◆ Data for review ◆
Segment Open

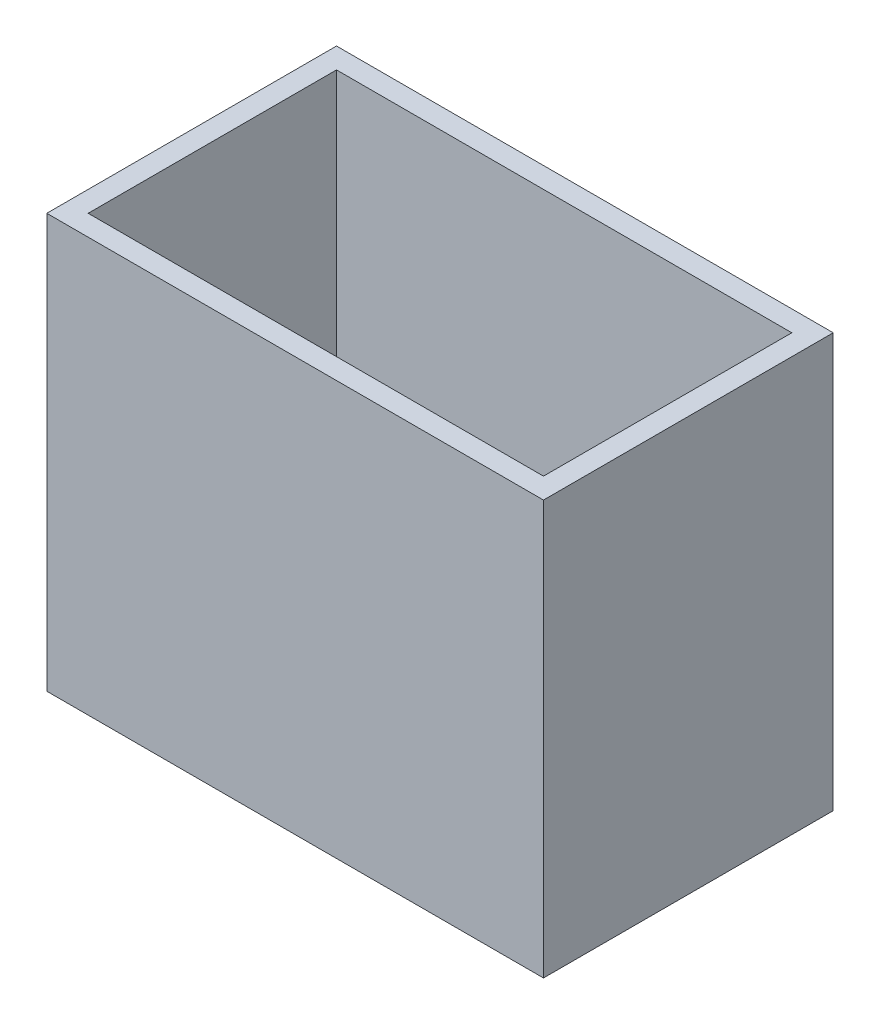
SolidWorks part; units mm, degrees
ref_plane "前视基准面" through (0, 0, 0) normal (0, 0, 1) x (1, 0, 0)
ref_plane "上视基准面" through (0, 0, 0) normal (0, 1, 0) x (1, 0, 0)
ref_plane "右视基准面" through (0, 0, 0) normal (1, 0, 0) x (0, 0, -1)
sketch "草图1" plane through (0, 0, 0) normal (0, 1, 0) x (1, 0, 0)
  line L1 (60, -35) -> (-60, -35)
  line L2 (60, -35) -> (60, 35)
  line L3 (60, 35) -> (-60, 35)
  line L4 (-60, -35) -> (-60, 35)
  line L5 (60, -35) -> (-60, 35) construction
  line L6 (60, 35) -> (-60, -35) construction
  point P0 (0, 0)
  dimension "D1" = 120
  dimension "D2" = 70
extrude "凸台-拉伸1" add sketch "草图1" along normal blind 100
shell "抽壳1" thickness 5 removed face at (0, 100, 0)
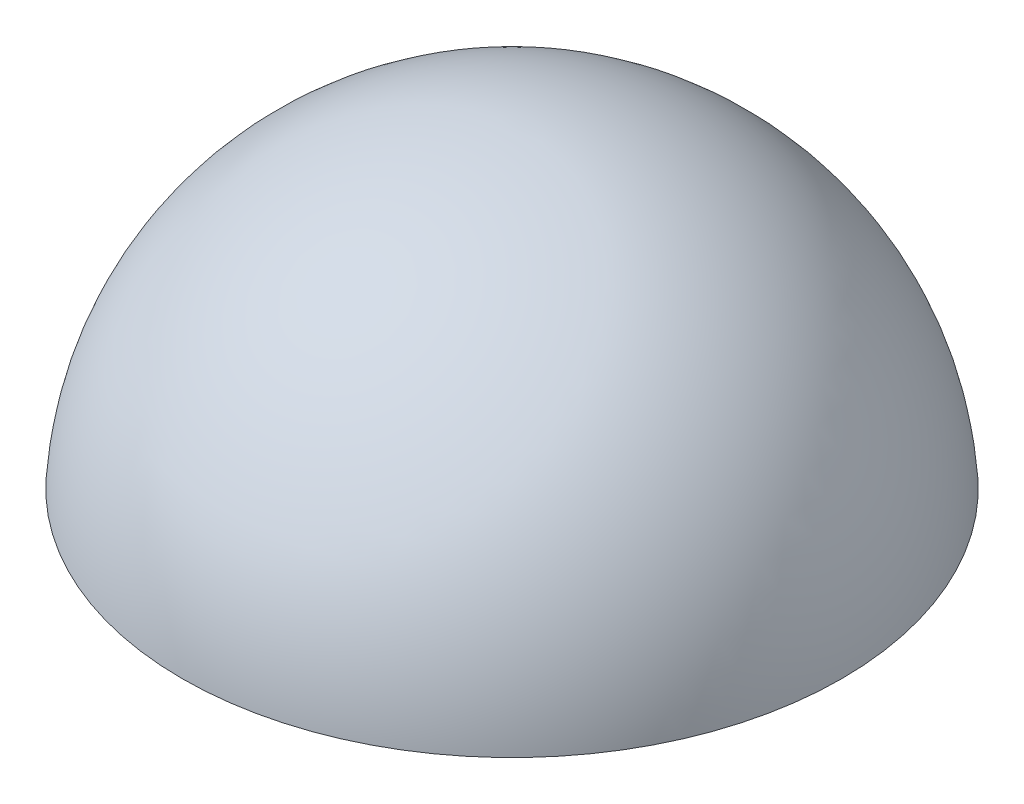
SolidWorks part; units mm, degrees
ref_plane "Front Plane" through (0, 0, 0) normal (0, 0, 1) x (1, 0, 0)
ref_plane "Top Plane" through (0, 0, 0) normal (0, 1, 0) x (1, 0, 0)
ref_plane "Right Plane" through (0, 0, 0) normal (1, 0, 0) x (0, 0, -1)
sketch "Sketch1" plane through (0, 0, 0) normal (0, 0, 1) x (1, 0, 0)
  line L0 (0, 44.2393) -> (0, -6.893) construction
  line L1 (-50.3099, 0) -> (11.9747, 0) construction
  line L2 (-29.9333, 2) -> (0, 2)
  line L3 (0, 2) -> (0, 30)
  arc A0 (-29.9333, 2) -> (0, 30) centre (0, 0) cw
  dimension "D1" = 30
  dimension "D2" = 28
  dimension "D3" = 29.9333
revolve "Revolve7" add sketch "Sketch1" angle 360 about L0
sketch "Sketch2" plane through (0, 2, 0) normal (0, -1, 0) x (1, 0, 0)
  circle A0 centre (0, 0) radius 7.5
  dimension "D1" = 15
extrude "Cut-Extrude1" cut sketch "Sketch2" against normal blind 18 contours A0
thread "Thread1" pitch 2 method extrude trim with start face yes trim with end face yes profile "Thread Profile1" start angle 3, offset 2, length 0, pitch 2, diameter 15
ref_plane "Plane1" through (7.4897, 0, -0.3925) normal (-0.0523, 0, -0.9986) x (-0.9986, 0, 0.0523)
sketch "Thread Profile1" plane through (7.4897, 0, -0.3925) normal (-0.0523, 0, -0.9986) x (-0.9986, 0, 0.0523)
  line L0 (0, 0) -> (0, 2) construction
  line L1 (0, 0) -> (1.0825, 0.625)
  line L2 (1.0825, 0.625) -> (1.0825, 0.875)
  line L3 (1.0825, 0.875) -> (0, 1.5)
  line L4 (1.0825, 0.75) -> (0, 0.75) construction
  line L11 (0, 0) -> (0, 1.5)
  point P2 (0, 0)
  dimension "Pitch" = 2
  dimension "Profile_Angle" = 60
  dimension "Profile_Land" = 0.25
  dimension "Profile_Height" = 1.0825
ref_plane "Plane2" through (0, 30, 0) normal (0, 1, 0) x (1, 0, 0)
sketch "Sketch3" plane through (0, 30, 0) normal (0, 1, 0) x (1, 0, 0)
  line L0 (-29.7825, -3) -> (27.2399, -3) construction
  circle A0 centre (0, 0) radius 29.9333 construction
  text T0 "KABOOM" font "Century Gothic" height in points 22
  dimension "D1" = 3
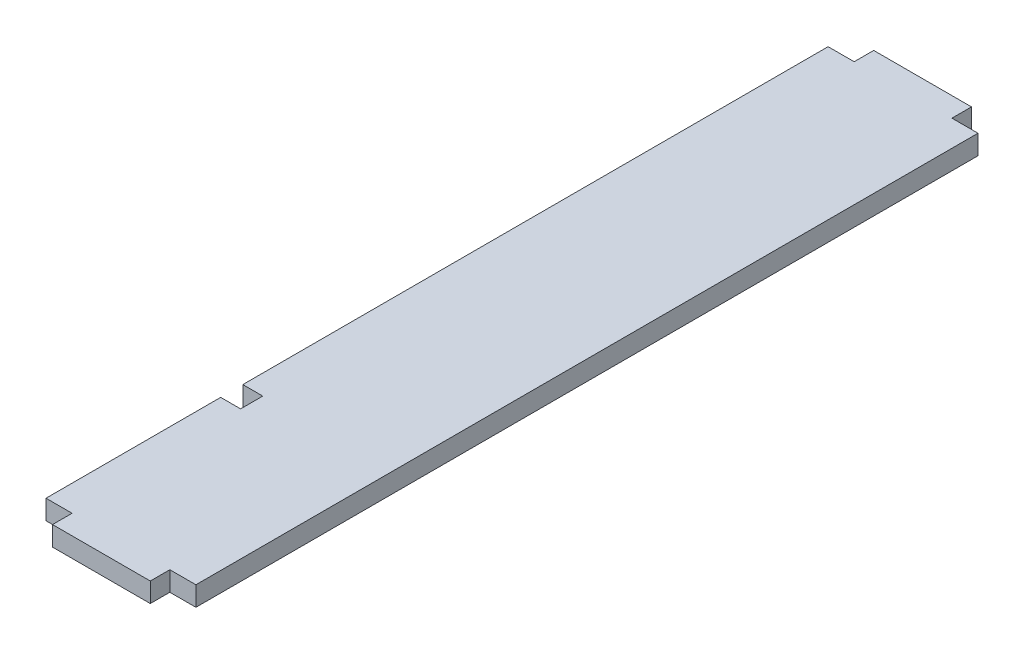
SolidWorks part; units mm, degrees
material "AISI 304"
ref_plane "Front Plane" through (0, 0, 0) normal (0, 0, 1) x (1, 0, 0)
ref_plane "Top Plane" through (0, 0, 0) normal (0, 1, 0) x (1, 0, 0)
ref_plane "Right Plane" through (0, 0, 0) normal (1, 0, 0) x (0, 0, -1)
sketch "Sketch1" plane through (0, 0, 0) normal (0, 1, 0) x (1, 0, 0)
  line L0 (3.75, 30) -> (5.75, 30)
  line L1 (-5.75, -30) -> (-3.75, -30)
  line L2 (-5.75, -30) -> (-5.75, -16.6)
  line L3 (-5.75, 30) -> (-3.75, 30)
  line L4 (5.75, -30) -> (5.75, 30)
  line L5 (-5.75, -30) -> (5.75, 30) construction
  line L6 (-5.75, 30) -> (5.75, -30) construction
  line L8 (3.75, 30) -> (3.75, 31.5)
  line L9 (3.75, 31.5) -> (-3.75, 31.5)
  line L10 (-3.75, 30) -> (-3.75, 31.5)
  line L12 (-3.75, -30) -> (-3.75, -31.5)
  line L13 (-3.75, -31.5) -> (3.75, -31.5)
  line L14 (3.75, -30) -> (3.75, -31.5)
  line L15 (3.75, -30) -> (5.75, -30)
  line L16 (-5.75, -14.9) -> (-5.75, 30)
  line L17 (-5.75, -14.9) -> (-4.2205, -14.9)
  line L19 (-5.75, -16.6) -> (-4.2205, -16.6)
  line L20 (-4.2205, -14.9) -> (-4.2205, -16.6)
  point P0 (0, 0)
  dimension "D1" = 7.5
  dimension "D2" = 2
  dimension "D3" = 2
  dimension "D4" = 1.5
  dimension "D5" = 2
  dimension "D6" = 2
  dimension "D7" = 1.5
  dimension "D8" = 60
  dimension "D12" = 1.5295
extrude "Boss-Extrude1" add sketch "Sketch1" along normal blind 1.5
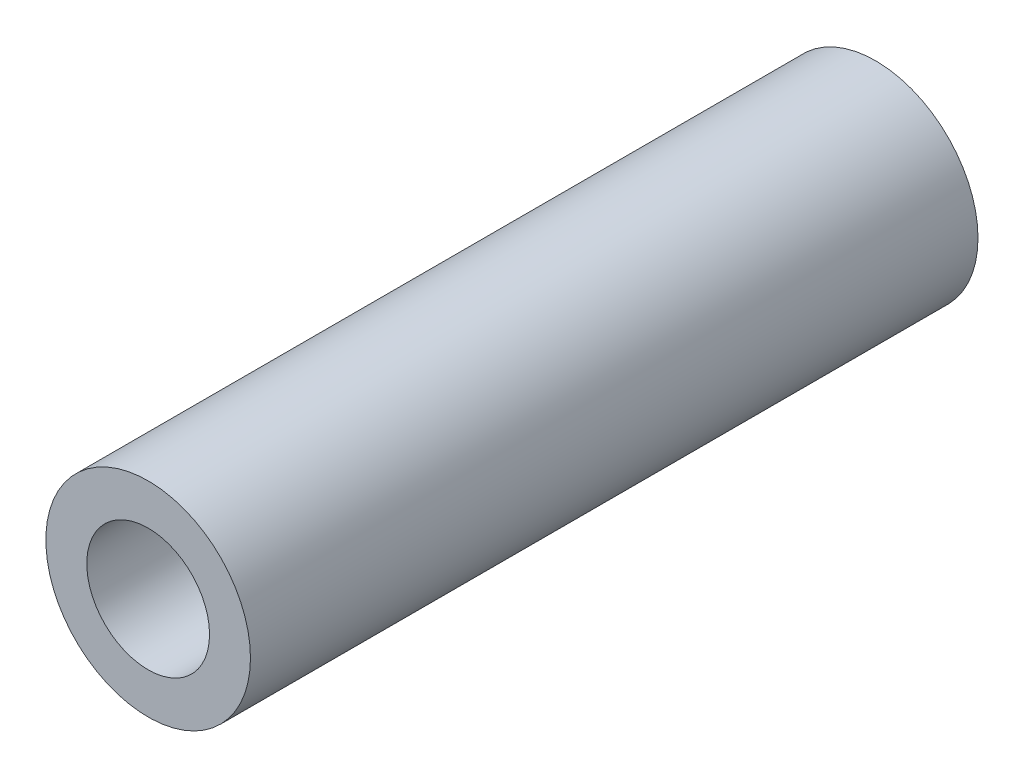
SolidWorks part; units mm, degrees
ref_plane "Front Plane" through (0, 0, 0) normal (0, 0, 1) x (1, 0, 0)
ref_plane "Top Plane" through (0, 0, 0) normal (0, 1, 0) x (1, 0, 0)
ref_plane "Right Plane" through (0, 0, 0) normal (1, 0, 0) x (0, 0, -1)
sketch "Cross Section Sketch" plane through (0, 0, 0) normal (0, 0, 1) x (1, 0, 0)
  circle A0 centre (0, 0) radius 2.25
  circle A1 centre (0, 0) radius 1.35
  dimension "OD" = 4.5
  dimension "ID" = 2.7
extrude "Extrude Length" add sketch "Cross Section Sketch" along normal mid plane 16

Segment Closed

◆ Aim of the task ◆
Begin with the line above that has "line L12 (-3.75, -30) -> (-3.75, -31.5)" and continue through the line that has "line L19 (-5.75, -16.6) -> (-4.2205, -16.6)", setting each one down exactly. Stop there.

◆ Task result ◆
  line L12 (-3.75, -30) -> (-3.75, -31.5)
  line L13 (-3.75, -31.5) -> (3.75, -31.5)
  line L14 (3.75, -30) -> (3.75, -31.5)
  line L15 (3.75, -30) -> (5.75, -30)
  line L16 (-5.75, -14.9) -> (-5.75, 30)
  line L17 (-5.75, -14.9) -> (-4.2205, -14.9)
  line L19 (-5.75, -16.6) -> (-4.2205, -16.6)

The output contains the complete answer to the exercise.